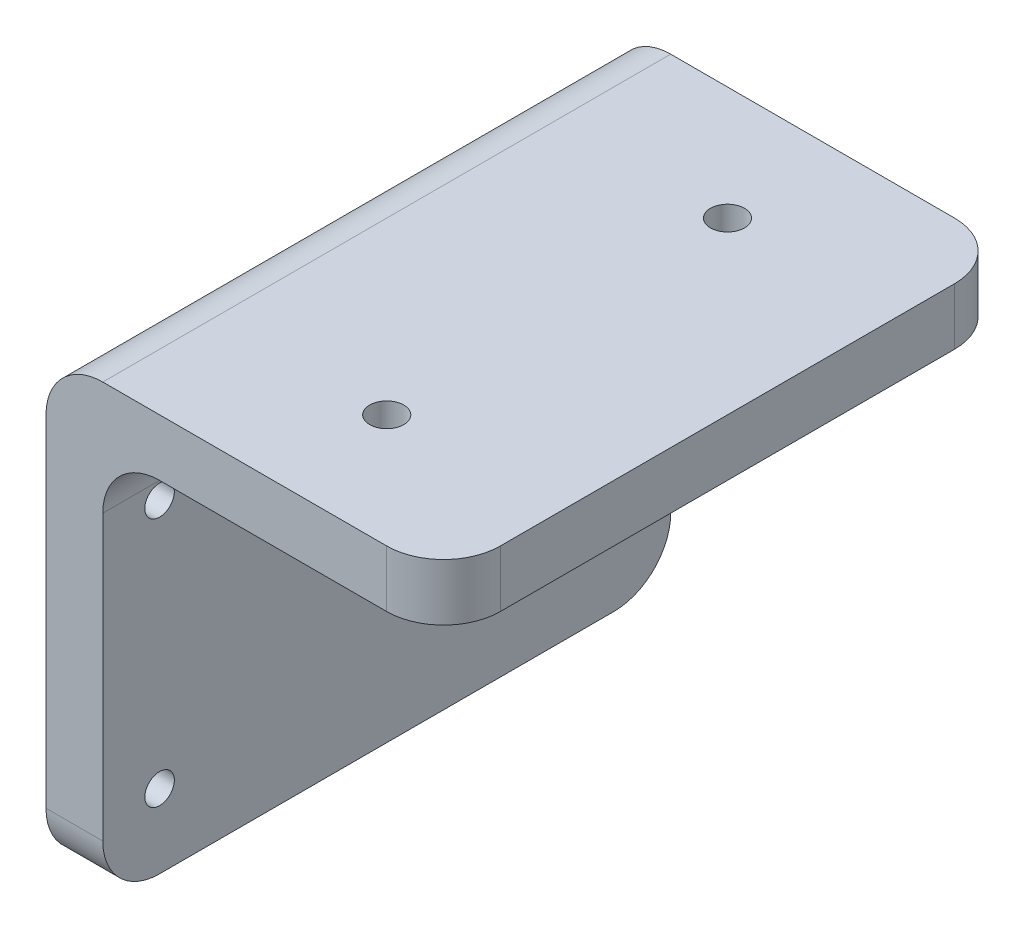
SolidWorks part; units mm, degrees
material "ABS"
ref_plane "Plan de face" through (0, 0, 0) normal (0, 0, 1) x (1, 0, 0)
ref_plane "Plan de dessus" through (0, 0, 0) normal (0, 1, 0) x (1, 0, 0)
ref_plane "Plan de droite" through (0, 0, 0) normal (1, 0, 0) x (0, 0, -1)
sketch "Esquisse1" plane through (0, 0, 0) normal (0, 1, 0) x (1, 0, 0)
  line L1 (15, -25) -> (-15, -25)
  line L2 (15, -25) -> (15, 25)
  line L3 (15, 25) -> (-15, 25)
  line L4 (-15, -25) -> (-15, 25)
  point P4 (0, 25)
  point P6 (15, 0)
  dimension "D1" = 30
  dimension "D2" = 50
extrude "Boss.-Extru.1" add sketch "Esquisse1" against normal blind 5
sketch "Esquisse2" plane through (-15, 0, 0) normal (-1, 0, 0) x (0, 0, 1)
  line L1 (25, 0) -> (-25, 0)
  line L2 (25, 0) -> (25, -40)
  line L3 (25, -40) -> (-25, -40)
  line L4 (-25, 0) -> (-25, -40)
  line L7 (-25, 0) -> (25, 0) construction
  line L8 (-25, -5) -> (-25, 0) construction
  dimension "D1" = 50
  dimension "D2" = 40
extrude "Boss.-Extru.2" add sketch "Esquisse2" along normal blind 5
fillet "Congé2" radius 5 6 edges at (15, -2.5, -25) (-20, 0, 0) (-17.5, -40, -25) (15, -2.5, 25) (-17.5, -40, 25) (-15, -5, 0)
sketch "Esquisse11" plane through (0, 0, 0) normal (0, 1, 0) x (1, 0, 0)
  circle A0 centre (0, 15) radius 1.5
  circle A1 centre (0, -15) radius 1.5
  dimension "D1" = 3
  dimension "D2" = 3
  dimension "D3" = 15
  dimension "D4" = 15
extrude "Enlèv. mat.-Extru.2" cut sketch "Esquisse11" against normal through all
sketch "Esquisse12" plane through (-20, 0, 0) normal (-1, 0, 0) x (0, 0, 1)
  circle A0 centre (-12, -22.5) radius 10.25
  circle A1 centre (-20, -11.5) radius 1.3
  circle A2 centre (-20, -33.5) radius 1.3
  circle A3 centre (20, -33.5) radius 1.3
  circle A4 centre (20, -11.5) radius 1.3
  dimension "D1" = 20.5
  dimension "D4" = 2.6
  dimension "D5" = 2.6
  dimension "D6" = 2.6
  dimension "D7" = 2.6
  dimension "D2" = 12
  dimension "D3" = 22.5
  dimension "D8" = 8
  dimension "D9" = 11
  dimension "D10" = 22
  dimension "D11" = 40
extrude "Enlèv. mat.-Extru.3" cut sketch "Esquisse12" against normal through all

━━━━━━━━━━

WORK TO BE COMPLETED:
Transcribe every record above exactly as written, leaving out any pictures.

TASK ANSWER:
SolidWorks part; units mm, degrees
material "ABS"
ref_plane "Plan de face" through (0, 0, 0) normal (0, 0, 1) x (1, 0, 0)
ref_plane "Plan de dessus" through (0, 0, 0) normal (0, 1, 0) x (1, 0, 0)
ref_plane "Plan de droite" through (0, 0, 0) normal (1, 0, 0) x (0, 0, -1)
sketch "Esquisse1" plane through (0, 0, 0) normal (0, 1, 0) x (1, 0, 0)
  line L1 (15, -25) -> (-15, -25)
  line L2 (15, -25) -> (15, 25)
  line L3 (15, 25) -> (-15, 25)
  line L4 (-15, -25) -> (-15, 25)
  point P4 (0, 25)
  point P6 (15, 0)
  dimension "D1" = 30
  dimension "D2" = 50
extrude "Boss.-Extru.1" add sketch "Esquisse1" against normal blind 5
sketch "Esquisse2" plane through (-15, 0, 0) normal (-1, 0, 0) x (0, 0, 1)
  line L1 (25, 0) -> (-25, 0)
  line L2 (25, 0) -> (25, -40)
  line L3 (25, -40) -> (-25, -40)
  line L4 (-25, 0) -> (-25, -40)
  line L7 (-25, 0) -> (25, 0) construction
  line L8 (-25, -5) -> (-25, 0) construction
  dimension "D1" = 50
  dimension "D2" = 40
extrude "Boss.-Extru.2" add sketch "Esquisse2" along normal blind 5
fillet "Congé2" radius 5 6 edges at (15, -2.5, -25) (-20, 0, 0) (-17.5, -40, -25) (15, -2.5, 25) (-17.5, -40, 25) (-15, -5, 0)
sketch "Esquisse11" plane through (0, 0, 0) normal (0, 1, 0) x (1, 0, 0)
  circle A0 centre (0, 15) radius 1.5
  circle A1 centre (0, -15) radius 1.5
  dimension "D1" = 3
  dimension "D2" = 3
  dimension "D3" = 15
  dimension "D4" = 15
extrude "Enlèv. mat.-Extru.2" cut sketch "Esquisse11" against normal through all
sketch "Esquisse12" plane through (-20, 0, 0) normal (-1, 0, 0) x (0, 0, 1)
  circle A0 centre (-12, -22.5) radius 10.25
  circle A1 centre (-20, -11.5) radius 1.3
  circle A2 centre (-20, -33.5) radius 1.3
  circle A3 centre (20, -33.5) radius 1.3
  circle A4 centre (20, -11.5) radius 1.3
  dimension "D1" = 20.5
  dimension "D4" = 2.6
  dimension "D5" = 2.6
  dimension "D6" = 2.6
  dimension "D7" = 2.6
  dimension "D2" = 12
  dimension "D3" = 22.5
  dimension "D8" = 8
  dimension "D9" = 11
  dimension "D10" = 22
  dimension "D11" = 40
extrude "Enlèv. mat.-Extru.3" cut sketch "Esquisse12" against normal through all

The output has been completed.